Sunday is Easter Sunday (and my husband's birthday, and our anniversary). Easter is the celebration of the Resurrection of Jesus from the dead, And those of us who celebrate Easter, have already scrambled (no pun intended) to buy a dozen or so eggs for hard-boiling and then dying the typical spring colors of pink, green, blue, pink, and yellow. Then somehow, the Easter Bunny will locate said hard-boiled and dyed eggs and hide them strategically so that our small children and grandchildren can commence to hunt for same eggs, jelly beans, chocolate bunnies, and more. Depends on your particular Easter Bunny.
So I wondered if there was a connection between the two traditions of use of the hard-boiled egg. Fortunately for me, someone had already undertaken the research to help us understand the two traditions. Is there a connection? You'll have to wade through this fascinating article about the eggs and their use in our traditions: https://www.haaretz.com/jewish/.premium-are-passover-eggs-and-easter-eggs-related-1.5461517 Several theories for both holidays are explored and explained. For me, I think it is just a very common and useful food that has taken on a purpose for the holidays. Besides, the egg is such a convenient little food full of so much nutrition. No wonder we all turn to the egg.
I will not even begin to relate the article to you. The hard-boiled egg (or the egg that was emptied by blowing it out) is indeed fully discussed. By the way, I have NO fond memories of blowing eggs for Easter. If you haven't experienced it, try it just once. And if you find yourself waking up from passing out, so be it.

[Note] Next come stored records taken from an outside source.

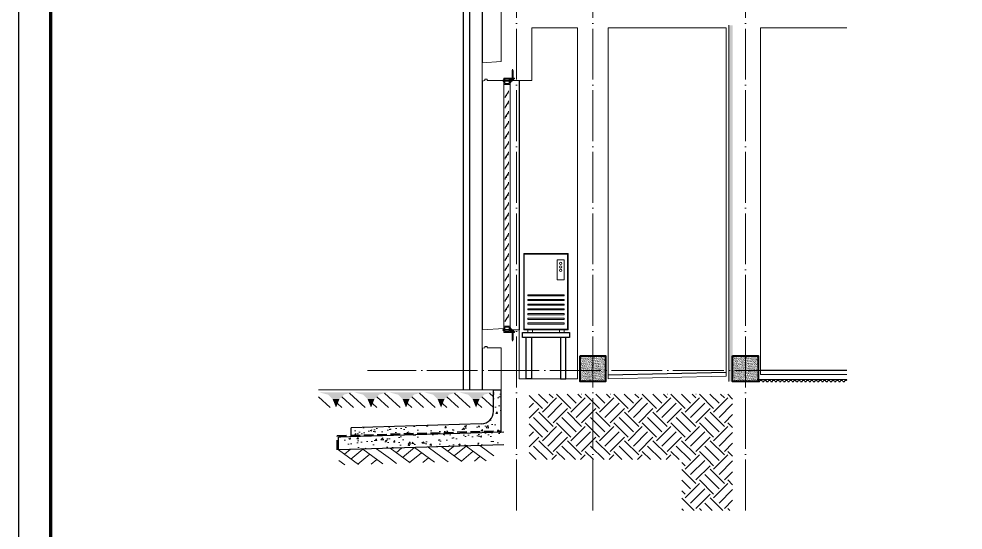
# Model space of a CAD drawing. Extents: x -518115 to 389031, y -209821 to 1628073.
# Drawn here: x 178030 to 185455, y -169697 to -165678 of the extents above; entities that cross this region are included whole.
import ezdxf

# ---------------------------------------------------------------- set-up
doc = ezdxf.new("R2010")
doc.units = 0
doc.header["$LTSCALE"] = 1000
doc.header["$MEASUREMENT"] = 0
doc.linetypes.add('DASH', pattern=[0.35, 0.25, -0.1])
doc.linetypes.add('DOTE', pattern=[2.42, 2, -0.2, 0.02, -0.2])
for name, color, linetype in [('COLUMN', 9, 'Continuous'), ('图框', 140, 'Continuous'), ('看线', 251, 'Continuous'), ('空调外机', 8, 'Continuous'), ('立面-看线', 251, 'Continuous')]:
    doc.layers.add(name, color=color, linetype=linetype)
for name, color, linetype, lineweight in [('DOTE', 19, 'DOTE', 9), ('PUB_HATCH', 8, 'Continuous', 9), ('WALL', 9, 'Continuous', 40), ('内粉刷', 37, 'Continuous', 9), ('填充', 251, 'Continuous', 5), ('平面-空调室外机', 143, 'Continuous', 9), ('立面-中轮廓线', 213, 'Continuous', 35), ('立面-百叶', 36, 'Continuous', 9), ('粉刷', 251, 'Continuous', 9)]:
    doc.layers.add(name, color=color, linetype=linetype, lineweight=lineweight)
doc.layers.add('yichutu', color=7, linetype='Continuous', true_color=0xffffff, plot=False)
pattern_1 = [(45, (-683465.74, -42456.95), (0, 224.506403), [158.75, -158.75]), (45, (-683507.84, -42414.85), (0, 224.506403), [158.75, -158.75]), (45, (-683549.93, -42372.76), (0, 224.506403), [158.75, -158.75]), (135, (-683549.93, -42344.7), (-224.506403, 0), [158.75, -158.75]), (135, (-683507.84, -42302.6), (-224.506403, 0), [158.75, -158.75]), (135, (-683465.74, -42260.5), (-224.506403, 0), [158.75, -158.75])]
pattern_2 = [(50, (28072.99, 249033.25), (143.452037, -12.550427), [15, -165]), (355, (28072.99, 249033.25), (-27.750267, 150.438427), [12, -132]), (100.4514, (28084.94, 249032.2), (115.701876, 137.88791), [12.74804, -140.22842]), (46.1842, (28072.99, 249073.25), (213.44821, -33.1038), [22.5, -247.5]), (96.6356, (28090.77, 249070.5), (186.93254, 194.82357), [19.12206, -210.3426]), (351.1842, (28072.99, 249073.25), (186.93239, 194.82372), [18, -198]), (21, (28092.99, 249063.25), (119.38141, -80.52378), [15, -165]), (326, (28092.99, 249063.25), (48.663066, 145.03001), [12, -132]), (71.4514, (28102.93, 249056.54), (168.044526, 64.5061), [12.74804, -140.22842]), (37.5, (28072.986, 249033.25), (2.431971, 66.578771), [0, -130.4, 0, -134, 0, -132.5]), (7.5, (28072.986, 249033.25), (52.613907, 78.882342), [0, -76.4, 0, -127.4, 0, -50.5]), (327.5, (28028.386, 249033.25), (106.764487, -4.510974), [0, -50, 0, -156, 0, -207]), (317.5, (28008.39, 249033.25), (116.637234, 20.020996), [0, -65, 0, -103.6, 0, -147])]

# ---------------------------------------------------------------- blocks, each defined once
blk = doc.blocks.new('GFDDDDRG')
at = {"layer": '图框'}
blk.add_lwpolyline([(923310, -107437), (923310, -159999), (893610, -159999), (893610, -107437)], close=True, dxfattribs=at)
blk.add_lwpolyline([(923310, -107437), (923310, -159999), (893610, -159999), (893610, -107437)], close=True, dxfattribs=at)
at = {"layer": '图框', "const_width": 50}
blk.add_lwpolyline([(894110, -159499), (922810, -159499), (922810, -108687), (894110, -108687)], close=True, dxfattribs=at)
blk = doc.blocks.new('$LinePat$素土夯实')
at = {"color": 0}
for p, q in [((0, -210), (210, 0)), ((120, -300), (420, 0)), ((420, 0), (608, -188)), ((495, -300), (795, 0)), ((615, 0), (705, -90)), ((315, -105), (502, -293)), ((210, -210), (300, -300)), ((705, -300), (795, -210))]:
    blk.add_line(p, q, dxfattribs=at)
blk = doc.blocks.new('$LinePat$自然土壤')
at = {"color": 0}
for p, q in [((0, -90), (71, -19)), ((0, -300), (211, -89)), ((420, -300), (630, -90)), ((210, -300), (286, -224))]:
    blk.add_line(p, q, dxfattribs=at)
for points in [[(0, 0), (630, 0), (168, -45), (462, -45)], [(168, -45), (462, -45), (252, -132), (378, -132)], [(252, -132), (378, -132), (315, -300)]]:
    blk.add_solid(points, dxfattribs=at)
blk = doc.blocks.new('sanshui')
at = {"layer": '粉刷'}
h = blk.add_hatch(dxfattribs=at)
h.set_pattern_fill('混凝土', color=256, scale=20)
h.set_pattern_definition(pattern_2)
edge = h.paths.add_edge_path()
edge.add_line((346317.8, 427329.6), (346257.8, 427329.6))
edge.add_line((346257.8, 427329.6), (346257.8, 427160.3))
edge.add_arc((346157.8, 427160.3), 100, 271.71836, 360, ccw=False)
edge.add_line((346160.8, 427060.3), (345137.8, 427029.6))
edge.add_line((345137.8, 427029.6), (345137.8, 426969.6))
edge.add_line((345137.8, 426969.6), (346317.8, 427005))
edge.add_line((346317.8, 427005), (346317.8, 427329.6))
h = blk.add_hatch(dxfattribs=at)
h.set_pattern_fill('混凝土', color=256, scale=20)
h.set_pattern_definition(pattern_2)
h.paths.add_polyline_path([(346337.8, 426895.6), (346337.8, 426995.6), (345037.8, 426956.6), (345037.8, 426856.6)])
at = {"layer": 'COLUMN'}
for p, q in [((346257.8, 427329.6), (346317.8, 427329.6)), ((346257.8, 427160.3), (346257.8, 427329.6)), ((346317.8, 426995), (346317.8, 427329.6)), ((346160.8, 427060.3), (345137.8, 427029.6)), ((345137.8, 426959.6), (345137.8, 427029.6)), ((346338.1, 426995.6), (345037.8, 426956.6)), ((345037.8, 426856.6), (345037.8, 426956.6)), ((346338.1, 426895.6), (345037.8, 426856.6))]:
    blk.add_line(p, q, dxfattribs=at)
blk.add_arc((346157.8, 427160.3), 100, 271.71836, 0, dxfattribs=at)
at = {"layer": '立面-中轮廓线', "linetype": 'DASH', "ltscale": 0.3}
blk.add_lwpolyline([(345027.8, 426856.6), (345027.8, 426966.3), (346317.8, 427005)], dxfattribs=at)
at = {"layer": '粉刷'}
blk.add_line((344881.5, 427329.6), (346257.8, 427329.6), dxfattribs=at)
at = {"layer": '粉刷', "yscale": 0.4, "zscale": 0.4}
for name, p, xscale, rotation in [('$LinePat$自然土壤', (345156.8, 427309.6), -0.4369306507241237, 359.9999999999903), ('$LinePat$自然土壤', (345432, 427309.6), -0.4369306507241237, 359.9999999999903), ('$LinePat$自然土壤', (345707.3, 427309.6), -0.4369306507241237, 359.9999999999903), ('$LinePat$自然土壤', (345982.6, 427309.6), -0.4369306507241237, 359.9999999999903), ('$LinePat$自然土壤', (346257.8, 427309.6), -0.4369306507241237, 359.9999999999903), ('$LinePat$素土夯实', (345444.5, 426868.8), -0.5117605352322558, 1.718358001643932), ('$LinePat$素土夯实', (345851.2, 426881), -0.5117605352322558, 1.718358001643932), ('$LinePat$素土夯实', (346257.8, 426893.2), -0.5117605352322558, 1.718358001643932)]:
    blk.add_blockref(name, p, dxfattribs=dict(at, xscale=xscale, rotation=rotation))
blk = doc.blocks.new('kongtiao')
for p, q in [((-338.7, 49), (-338.7, -550.8)), ((11, 49), (-338.7, 49)), ((-334.1, 44.4), (-334.1, -546.2)), ((6.4, 44.4), (-334.1, 44.4)), ((6.4, -546.2), (6.4, 44.4)), ((11, -550.8), (11, 49)), ((-76.2, -0.5), (-76.2, -156.5)), ((-21.1, -0.5), (-76.2, -0.5)), ((-21.1, -156.5), (-21.1, -0.5)), ((-76.2, -156.5), (-21.1, -156.5)), ((-338.7, -550.8), (11, -550.8)), ((-334.1, -546.2), (6.4, -546.2)), ((-306.6, -550.8), (-306.6, -571.2)), ((-306.6, -571.2), (-269.8, -571.2)), ((-269.8, -571.2), (-269.8, -550.8)), ((-57.9, -571.2), (-57.9, -550.8)), ((-21.1, -571.2), (-57.9, -571.2)), ((-21.1, -550.8), (-21.1, -571.2))]:
    blk.add_line(p, q)
for points in [[(-306.6, -275.4), (-21.1, -275.4), (-21.1, -284.6), (-306.6, -284.6)], [(-306.6, -312.1), (-21.1, -312.1), (-21.1, -321.3), (-306.6, -321.3)], [(-306.6, -348.8), (-21.1, -348.8), (-21.1, -358), (-306.6, -358)], [(-306.6, -385.6), (-21.1, -385.6), (-21.1, -394.7), (-306.6, -394.7)], [(-306.6, -422.3), (-21.1, -422.3), (-21.1, -431.5), (-306.6, -431.5)], [(-306.6, -459), (-21.1, -459), (-21.1, -468.2), (-306.6, -468.2)], [(-306.6, -495.7), (-21.1, -495.7), (-21.1, -504.9), (-306.6, -504.9)]]:
    blk.add_lwpolyline(points, close=True)
for centre in [(-48.7, -28), (-48.7, -55.6), (-48.7, -83.1)]:
    blk.add_circle(centre, 9.18)
blk = doc.blocks.new('GDBVDBDVBTXS')
at = {"layer": '立面-百叶'}
for p, q in [((885062.5, -123628.8), (885066.4, -123616.2)), ((885066.4, -123616.2), (885070.7, -123628.8)), ((885046.7, -123686.1), (885080.4, -123686.1)), ((885052.9, -123692.3), (885052.9, -123717.7)), ((885052.9, -123692.3), (885080.4, -123692.3)), ((885062.5, -123686.1), (885062.5, -123628.8)), ((885064.1, -123696.2), (885064.1, -123700.5)), ((885064.1, -123696.2), (885069.5, -123696.2)), ((885069.5, -123696.2), (885069.5, -123700.5)), ((885070.7, -123686.1), (885070.7, -123628.8)), ((885080.4, -123692.3), (885080.4, -123686.1)), ((884993.2, -123704.4), (884989.7, -123704.4)), ((884993.2, -123708.9), (884989.7, -123708.9)), ((884993.2, -123704.4), (884993.2, -123708.9)), ((884996.7, -125636.1), (884996.7, -123736.1)), ((885039.2, -123704), (885004.2, -123704)), ((885039.2, -123710.2), (885004.2, -123710.2)), ((885046.7, -125636.1), (885046.7, -123736.1)), ((885062.1, -123704), (885052.9, -123704)), ((885062.1, -123710.2), (885052.9, -123710.2)), ((885062.1, -123710.2), (885062.1, -123704)), ((884993.2, -125663.2), (884989.7, -125663.2)), ((884993.2, -125667.8), (884989.7, -125667.8)), ((884993.2, -125667.8), (884993.2, -125663.2)), ((885039.2, -125661.9), (885004.2, -125661.9)), ((885039.2, -125668.2), (885004.2, -125668.2)), ((885046.7, -125686.1), (885080.4, -125686.1)), ((885052.9, -125679.8), (885052.9, -125654.4)), ((885062.1, -125661.9), (885052.9, -125661.9)), ((885062.1, -125668.2), (885052.9, -125668.2)), ((885052.9, -125679.8), (885080.4, -125679.8)), ((885062.1, -125661.9), (885062.1, -125668.2)), ((885062.5, -125686.1), (885062.5, -125743.4)), ((885064.1, -125675.9), (885064.1, -125671.7)), ((885064.1, -125675.9), (885069.5, -125675.9)), ((885069.5, -125675.9), (885069.5, -125671.7)), ((885070.7, -125686.1), (885070.7, -125743.3)), ((885080.4, -125679.8), (885080.4, -125686.1)), ((885062.5, -125743.4), (885066.4, -125755.9)), ((885066.4, -125755.9), (885070.7, -125743.3))]:
    blk.add_line(p, q, dxfattribs=at)
at = {"layer": '立面-百叶', "elevation": 0}
for points in [[(884996.7, -123686.1), (884996.7, -123736.1), (885046.7, -123736.1), (885046.7, -123686.1)], [(885004.2, -123693.6), (885004.2, -123728.6), (885039.2, -123728.6), (885039.2, -123693.6)]]:
    blk.add_lwpolyline(points, close=True, dxfattribs=at)
at = {"layer": '立面-百叶'}
for points in [[(885053, -123700.5), (885057.2, -123700.5), (885057.2, -123713.6), (885053, -123713.6)], [(885053, -125671.7), (885057.2, -125671.7), (885057.2, -125658.6), (885053, -125658.6)]]:
    blk.add_lwpolyline(points, dxfattribs=at)
at = {"layer": '立面-百叶', "elevation": 0}
for points in [[(885019.3, -123824.8, 0.381382), (885016.9, -123822, -0.56119), (885016.8, -123821.8), (885026.6, -123807.4, -0.56119), (885026.8, -123807.4, 0.381382), (885030.3, -123808.6, 0.433252), (885030.4, -123808.4), (885030, -123807.6, 0.372825), (885029.7, -123807.5, -2.886751), (885030.8, -123806, 0.372825), (885031, -123806.2), (885031.9, -123806.3, 0.433252), (885032, -123806.1, 0.381382), (885029.6, -123803.3, -0.56119), (885029.5, -123803.1), (885035.1, -123794.7), (885035.1, -123785.8), (885034.3, -123785.8), (885034.3, -123794.5), (885007.3, -123834.3), (885007.3, -123843), (885008.1, -123843), (885008.1, -123834.6), (885013.9, -123826.1, -0.56119), (885014.2, -123826.1, 0.381382), (885017.6, -123827.3, 0.433252), (885017.7, -123827.1), (885017.3, -123826.3, 0.372825), (885017, -123826.2, -2.886751), (885018.1, -123824.7, 0.372825), (885018.3, -123824.9), (885019.2, -123825, 0.433252)], [(885019.3, -123904.8, 0.381382), (885016.9, -123902, -0.56119), (885016.8, -123901.8), (885026.6, -123887.4, -0.56119), (885026.8, -123887.4, 0.381382), (885030.3, -123888.6, 0.433252), (885030.4, -123888.4), (885030, -123887.6, 0.372825), (885029.7, -123887.5, -2.886751), (885030.8, -123886, 0.372825), (885031, -123886.2), (885031.9, -123886.3, 0.433252), (885032, -123886.1, 0.381382), (885029.6, -123883.3, -0.56119), (885029.5, -123883.1), (885035.1, -123874.7), (885035.1, -123865.8), (885034.3, -123865.8), (885034.3, -123874.5), (885007.3, -123914.3), (885007.3, -123923), (885008.1, -123923), (885008.1, -123914.6), (885013.9, -123906.1, -0.56119), (885014.2, -123906.1, 0.381382), (885017.6, -123907.3, 0.433252), (885017.7, -123907.1), (885017.3, -123906.3, 0.372825), (885017, -123906.2, -2.886751), (885018.1, -123904.7, 0.372825), (885018.3, -123904.9), (885019.2, -123905, 0.433252)], [(885019.3, -123984.8, 0.381382), (885016.9, -123982, -0.56119), (885016.8, -123981.8), (885026.6, -123967.4, -0.56119), (885026.8, -123967.4, 0.381382), (885030.3, -123968.6, 0.433252), (885030.4, -123968.4), (885030, -123967.6, 0.372825), (885029.7, -123967.5, -2.886751), (885030.8, -123966, 0.372825), (885031, -123966.2), (885031.9, -123966.3, 0.433252), (885032, -123966.1, 0.381382), (885029.6, -123963.3, -0.56119), (885029.5, -123963.1), (885035.1, -123954.7), (885035.1, -123945.8), (885034.3, -123945.8), (885034.3, -123954.5), (885007.3, -123994.3), (885007.3, -124003), (885008.1, -124003), (885008.1, -123994.6), (885013.9, -123986.1, -0.56119), (885014.2, -123986.1, 0.381382), (885017.6, -123987.3, 0.433252), (885017.7, -123987.1), (885017.3, -123986.3, 0.372825), (885017, -123986.2, -2.886751), (885018.1, -123984.7, 0.372825), (885018.3, -123984.9), (885019.2, -123985, 0.433252)], [(885019.3, -124064.8, 0.381382), (885016.9, -124062, -0.56119), (885016.8, -124061.8), (885026.6, -124047.4, -0.56119), (885026.8, -124047.4, 0.381382), (885030.3, -124048.6, 0.433252), (885030.4, -124048.4), (885030, -124047.6, 0.372825), (885029.7, -124047.5, -2.886751), (885030.8, -124046, 0.372825), (885031, -124046.2), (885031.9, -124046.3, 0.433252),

I hope you enjoy your family and friends this holiday weekend. As for Steve and me, he has threatened a Red Lobster in my future. I'm hoping for something ummm... more to my liking.
Happy Passover! Happy Easter!
(And to my beloved, Happy Birthday, Happy Anniversary!)
While we are packing our home, there aren't a ton of choices for dinner. We are trying very hard to work through the food we have in store. You know... canned soup, mac 'n cheese, frozen pizza, and sandwiches. So tonight, it was mandarin orange stir fry vegetables (no... not recommended) and a Havarti grilled cheese sandwich.
I love cheese. The family owned a cheese shop and I learned about Jarlsburg, Gruyere, Gorgonzola, Brie, Gloucester, Stilton and on and on. But tonight it occured to me that I had never heard of a good Scottish cheese. Surely they exist.
And it appears that indeed, they do exist.
How about a great Red Anster? Alisa Craig? Criffel? Dunsyre Blue? Morangie Brie? Cambus o'May? Wow! I had no idea. Now when in Scotland next year, I have added testing all these cheeses to my bucket list.
If you can stand reading all about this tempting cheese, then please follow this link to the same photo above, as well as a wonderful article about each of these varieties of cheese. https://food.list.co.uk/article/29509-the-best-scottish-cheeses/
In the meantime, I might actually see if any of this is available outside Scotland. Wouldn't it be fun to try these?!